The following article is part of a continuing series this season, where MayorsManor correspondent David Hofreiter provides commentary on prospects playing in the Canadian-based major junior leagues and US-based college hockey programs. He’ll spend time tracking a player, then offer some opinions and observations based on a single game or multiple games, depending on the points being presented.
Since returning to action after missing time with different ailments, two of the Los Angeles Kings’ more recent draft picks have taken the Ontario Hockey League by storm.
Right wing Justin Auger was out for 15 games due to mononucleosis. Meanwhile, puck moving defenseman Zac Leslie had missed eight games due to an upper body injury. Both returned in early November though and were in the line-up again on Sunday for a matchup between the Guelph Storm and Kitchener Rangers.
Entering play, the two LA prospects had combined for 14 points (eight goals, six assists) and a plus-9 rating since their comebacks. Each player also had a hat trick in the last week, including a four goal performance by Leslie on Saturday.
But, he wasn’t done just yet.
On Sunday, Leslie capped off the impressive week with yet another four point game. Auger was held scoreless.
Auger received third line minutes, secondary time with an extra man and sat on the bench during shorthanded situations.

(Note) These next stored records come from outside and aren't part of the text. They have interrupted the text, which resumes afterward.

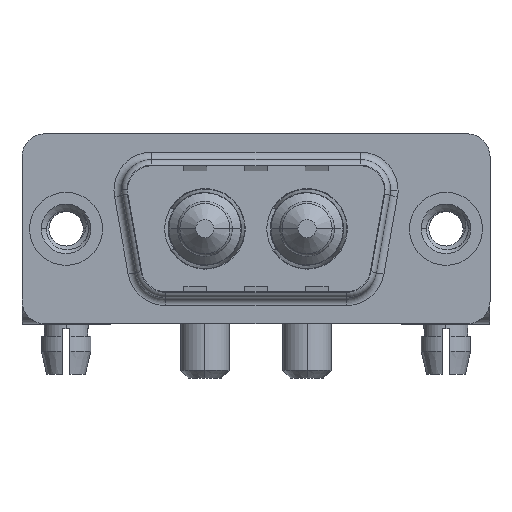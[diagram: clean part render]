
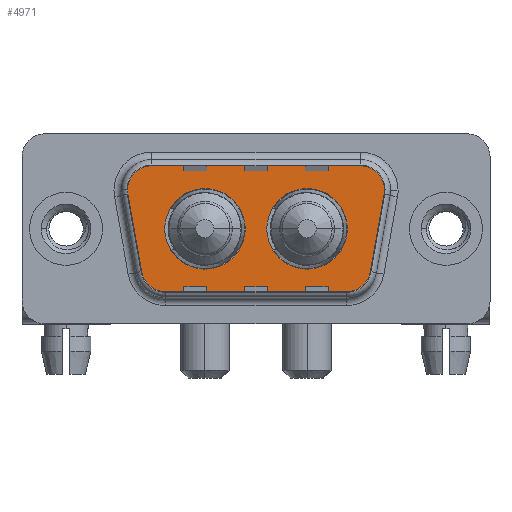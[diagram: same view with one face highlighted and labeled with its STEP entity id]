
A CAD part, top view. The second image highlights one B-rep face of the part: STEP entity #4971.
In plain terms, the highlighted planar face has unit normal (0, 0, 1).
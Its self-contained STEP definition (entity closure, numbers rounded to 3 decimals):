
#130 = CIRCLE ( 'NONE', #2368, 2. ) ;
#175 = VERTEX_POINT ( 'NONE', #6731 ) ;
#279 = CARTESIAN_POINT ( 'NONE',  ( 9.14, 0., 0. ) ) ;
#429 = DIRECTION ( 'NONE',  ( 0., 0., 1. ) ) ;
#504 = CARTESIAN_POINT ( 'NONE',  ( 19.564, 2.9, 0. ) ) ;
#509 = EDGE_CURVE ( 'NONE', #13867, #12634, #10368, .T. ) ;
#737 = CARTESIAN_POINT ( 'NONE',  ( 21.534, 2.553, 0. ) ) ;
#858 = DIRECTION ( 'NONE',  ( 0., 0., 1. ) ) ;
#991 = CARTESIAN_POINT ( 'NONE',  ( 9.14, 0., 0. ) ) ;
#1219 = AXIS2_PLACEMENT_3D ( 'NONE', #4903, #5881, #5212 ) ;
#1323 = VERTEX_POINT ( 'NONE', #4127 ) ;
#1525 = LINE ( 'NONE', #2374, #6016 ) ;
#1636 = CARTESIAN_POINT ( 'NONE',  ( 5.436, 4.9, 0. ) ) ;
#1916 = PLANE ( 'NONE',  #4059 ) ;
#2364 = EDGE_CURVE ( 'NONE', #7351, #5394, #5282, .T. ) ;
#2368 = AXIS2_PLACEMENT_3D ( 'NONE', #8811, #3463, #7759 ) ;
#2374 = CARTESIAN_POINT ( 'NONE',  ( 3.466, 2.553, 0. ) ) ;
#2397 = EDGE_CURVE ( 'NONE', #8982, #11069, #13435, .T. ) ;
#2466 = DIRECTION ( 'NONE',  ( 1., 0., 0. ) ) ;
#2578 = VECTOR ( 'NONE', #13319, 1000. ) ;
#2592 = DIRECTION ( 'NONE',  ( 0.174, -0.985, 0. ) ) ;
#2844 = CARTESIAN_POINT ( 'NONE',  ( 6.459, -2.9, 0. ) ) ;
#3138 = DIRECTION ( 'NONE',  ( 0., 0., 1. ) ) ;
#3268 = AXIS2_PLACEMENT_3D ( 'NONE', #279, #429, #2466 ) ;
#3463 = DIRECTION ( 'NONE',  ( 0., 0., 1. ) ) ;
#3745 = AXIS2_PLACEMENT_3D ( 'NONE', #504, #10147, #5712 ) ;
#3757 = CARTESIAN_POINT ( 'NONE',  ( 18.51, 0., 0. ) ) ;
#3831 = DIRECTION ( 'NONE',  ( 0., 0., 1. ) ) ;
#4059 = AXIS2_PLACEMENT_3D ( 'NONE', #11368, #858, #10306 ) ;
#4094 = DIRECTION ( 'NONE',  ( 1., 0., 0. ) ) ;
#4127 = CARTESIAN_POINT ( 'NONE',  ( 20.511, -3.247, 0. ) ) ;
#4374 = CIRCLE ( 'NONE', #1219, 2.65 ) ;
#4522 = ORIENTED_EDGE ( 'NONE', *, *, #12558, .T. ) ;
#4631 = ORIENTED_EDGE ( 'NONE', *, *, #8003, .F. ) ;
#4646 = DIRECTION ( 'NONE',  ( 1., 0., 0. ) ) ;
#4696 = ORIENTED_EDGE ( 'NONE', *, *, #13320, .T. ) ;
#4701 = ORIENTED_EDGE ( 'NONE', *, *, #10934, .T. ) ;
#4903 = CARTESIAN_POINT ( 'NONE',  ( 15.86, 0., 0. ) ) ;
#4971 = ADVANCED_FACE ( 'NONE', ( #8337, #13778, #8132 ), #1916, .T. ) ;
#5035 = CARTESIAN_POINT ( 'NONE',  ( 19.564, 4.9, 0. ) ) ;
#5143 = DIRECTION ( 'NONE',  ( 1., 0., 0. ) ) ;
#5212 = DIRECTION ( 'NONE',  ( 1., 0., 0. ) ) ;
#5282 = CIRCLE ( 'NONE', #13199, 2.65 ) ;
#5287 = DIRECTION ( 'NONE',  ( 0., 0., 1. ) ) ;
#5394 = VERTEX_POINT ( 'NONE', #3757 ) ;
#5515 = CIRCLE ( 'NONE', #3268, 2.65 ) ;
#5712 = DIRECTION ( 'NONE',  ( -1., 0., 0. ) ) ;
#5785 = DIRECTION ( 'NONE',  ( 0., 0., 1. ) ) ;
#5844 = ORIENTED_EDGE ( 'NONE', *, *, #13396, .T. ) ;
#5881 = DIRECTION ( 'NONE',  ( 0., 0., 1. ) ) ;
#5960 = CIRCLE ( 'NONE', #3745, 2. ) ;
#6016 = VECTOR ( 'NONE', #2592, 1000. ) ;
#6405 = EDGE_LOOP ( 'NONE', ( #13410, #12230, #4701, #10097, #9355, #8998, #5844, #4522, #4696 ) ) ;
#6541 = VERTEX_POINT ( 'NONE', #5035 ) ;
#6613 = CARTESIAN_POINT ( 'NONE',  ( 15.86, 0., 0. ) ) ;
#6625 = EDGE_CURVE ( 'NONE', #12070, #1323, #7029, .T. ) ;
#6669 = CARTESIAN_POINT ( 'NONE',  ( 5.436, 4.9, 0. ) ) ;
#6713 = VECTOR ( 'NONE', #4646, 1000. ) ;
#6731 = CARTESIAN_POINT ( 'NONE',  ( 4.489, -3.247, 0. ) ) ;
#6756 = CARTESIAN_POINT ( 'NONE',  ( 21.564, 2.9, 0. ) ) ;
#6795 = ORIENTED_EDGE ( 'NONE', *, *, #8797, .F. ) ;
#6810 = AXIS2_PLACEMENT_3D ( 'NONE', #11657, #3138, #9460 ) ;
#6902 = VECTOR ( 'NONE', #12589, 1000. ) ;
#7029 = CIRCLE ( 'NONE', #6810, 2. ) ;
#7351 = VERTEX_POINT ( 'NONE', #13332 ) ;
#7472 = ORIENTED_EDGE ( 'NONE', *, *, #2397, .F. ) ;
#7475 = EDGE_LOOP ( 'NONE', ( #4631, #10086 ) ) ;
#7523 = CARTESIAN_POINT ( 'NONE',  ( 3.466, 2.553, 0. ) ) ;
#7759 = DIRECTION ( 'NONE',  ( -1., 0., 0. ) ) ;
#7872 = LINE ( 'NONE', #11239, #6713 ) ;
#8003 = EDGE_CURVE ( 'NONE', #5394, #7351, #4374, .T. ) ;
#8041 = DIRECTION ( 'NONE',  ( 1., 0., 0. ) ) ;
#8059 = DIRECTION ( 'NONE',  ( -1., 0., 0. ) ) ;
#8132 = FACE_OUTER_BOUND ( 'NONE', #6405, .T. ) ;
#8337 = FACE_BOUND ( 'NONE', #7475, .T. ) ;
#8356 = AXIS2_PLACEMENT_3D ( 'NONE', #10003, #5785, #8041 ) ;
#8711 = CIRCLE ( 'NONE', #11632, 2. ) ;
#8797 = EDGE_CURVE ( 'NONE', #11069, #8982, #5515, .T. ) ;
#8811 = CARTESIAN_POINT ( 'NONE',  ( 19.564, 2.9, 0. ) ) ;
#8982 = VERTEX_POINT ( 'NONE', #11325 ) ;
#8998 = ORIENTED_EDGE ( 'NONE', *, *, #509, .T. ) ;
#9355 = ORIENTED_EDGE ( 'NONE', *, *, #9391, .T. ) ;
#9385 = LINE ( 'NONE', #737, #6902 ) ;
#9391 = EDGE_CURVE ( 'NONE', #6541, #13867, #10053, .T. ) ;
#9460 = DIRECTION ( 'NONE',  ( 1., 0., 0. ) ) ;
#10003 = CARTESIAN_POINT ( 'NONE',  ( 5.436, 2.9, 0. ) ) ;
#10053 = LINE ( 'NONE', #6669, #2578 ) ;
#10086 = ORIENTED_EDGE ( 'NONE', *, *, #2364, .F. ) ;
#10097 = ORIENTED_EDGE ( 'NONE', *, *, #10852, .T. ) ;
#10147 = DIRECTION ( 'NONE',  ( 0., 0., 1. ) ) ;
#10195 = CARTESIAN_POINT ( 'NONE',  ( 21.534, 2.553, 0. ) ) ;
#10306 = DIRECTION ( 'NONE',  ( 1., 0., 0. ) ) ;
#10313 = CARTESIAN_POINT ( 'NONE',  ( 18.541, -4.9, 0. ) ) ;
#10368 = CIRCLE ( 'NONE', #8356, 2. ) ;
#10536 = CARTESIAN_POINT ( 'NONE',  ( 11.79, 0., 0. ) ) ;
#10777 = EDGE_LOOP ( 'NONE', ( #6795, #7472 ) ) ;
#10783 = CARTESIAN_POINT ( 'NONE',  ( 6.459, -4.9, 0. ) ) ;
#10852 = EDGE_CURVE ( 'NONE', #12855, #6541, #130, .T. ) ;
#10934 = EDGE_CURVE ( 'NONE', #11401, #12855, #5960, .T. ) ;
#10968 = DIRECTION ( 'NONE',  ( 0., 0., 1. ) ) ;
#11069 = VERTEX_POINT ( 'NONE', #10536 ) ;
#11155 = AXIS2_PLACEMENT_3D ( 'NONE', #991, #5287, #4094 ) ;
#11239 = CARTESIAN_POINT ( 'NONE',  ( 6.459, -4.9, 0. ) ) ;
#11325 = CARTESIAN_POINT ( 'NONE',  ( 6.49, 0., 0. ) ) ;
#11368 = CARTESIAN_POINT ( 'NONE',  ( 18.541, -2.9, 0. ) ) ;
#11401 = VERTEX_POINT ( 'NONE', #10195 ) ;
#11632 = AXIS2_PLACEMENT_3D ( 'NONE', #2844, #3831, #8059 ) ;
#11657 = CARTESIAN_POINT ( 'NONE',  ( 18.541, -2.9, 0. ) ) ;
#11971 = EDGE_CURVE ( 'NONE', #1323, #11401, #9385, .T. ) ;
#12070 = VERTEX_POINT ( 'NONE', #10313 ) ;
#12230 = ORIENTED_EDGE ( 'NONE', *, *, #11971, .T. ) ;
#12558 = EDGE_CURVE ( 'NONE', #175, #13601, #8711, .T. ) ;
#12589 = DIRECTION ( 'NONE',  ( 0.174, 0.985, 0. ) ) ;
#12634 = VERTEX_POINT ( 'NONE', #7523 ) ;
#12855 = VERTEX_POINT ( 'NONE', #6756 ) ;
#13199 = AXIS2_PLACEMENT_3D ( 'NONE', #6613, #10968, #5143 ) ;
#13319 = DIRECTION ( 'NONE',  ( -1., 0., 0. ) ) ;
#13320 = EDGE_CURVE ( 'NONE', #13601, #12070, #7872, .T. ) ;
#13332 = CARTESIAN_POINT ( 'NONE',  ( 13.21, 0., 0. ) ) ;
#13396 = EDGE_CURVE ( 'NONE', #12634, #175, #1525, .T. ) ;
#13410 = ORIENTED_EDGE ( 'NONE', *, *, #6625, .T. ) ;
#13435 = CIRCLE ( 'NONE', #11155, 2.65 ) ;
#13601 = VERTEX_POINT ( 'NONE', #10783 ) ;
#13778 = FACE_BOUND ( 'NONE', #10777, .T. ) ;
#13867 = VERTEX_POINT ( 'NONE', #1636 ) ;

Selected in the fourth round (103rd overall), Auger’s ice time seemed to decrease quite a bit as time elapsed; he had a weak showing compared to the rest of the Storm players – especially for somebody listed at 6-foot-7, 231-pounds.
Overall, he was a pretty graceful skater, yet weak on his feet at times. He was shoved off the puck rather easily more than once during the game. In return, he had a couple strong pushes on the opposition and added the intangible ‘intimidation’ component. After boarding one Rangers player, his Kitchener teammate jumped into the fray and started jostling with Auger.
The big man (or kid, in this case) threw his gloves down and showed his willingness to fight, as he towered over the other skater – who suddenly had a change of heart and skated away.
Beyond the occasional tossing of his weight around, Auger was largely (pun intended) a non-factor despite being a plus-2 on the day. He didn’t use his size to screen the goalie or to separate players from the puck. His reach was there to pursue the puck, but it was never a turning point.
Remember this was only one game, and not an indictment on the quality of Auger as a prospect.
Leslie, on the other hand, showed game breaking decisions offensively for the full 60 minutes.
Standing 6-foot-1, 177-pounds, he opened the scoring just over halfway into the first period, finding a defensive seam to skate through and finishing off a tic-tac-toe play with a one-timer, short-side into the net.
Later, with the Storm already up 3-0, he joined on the attack again down the right side. Leslie received a pass into his skates, pivoted to back away, and made a tape-to-tape pass into the slot, where Winnipeg Jets prospect Scott Kosmachuk easily tapped it in .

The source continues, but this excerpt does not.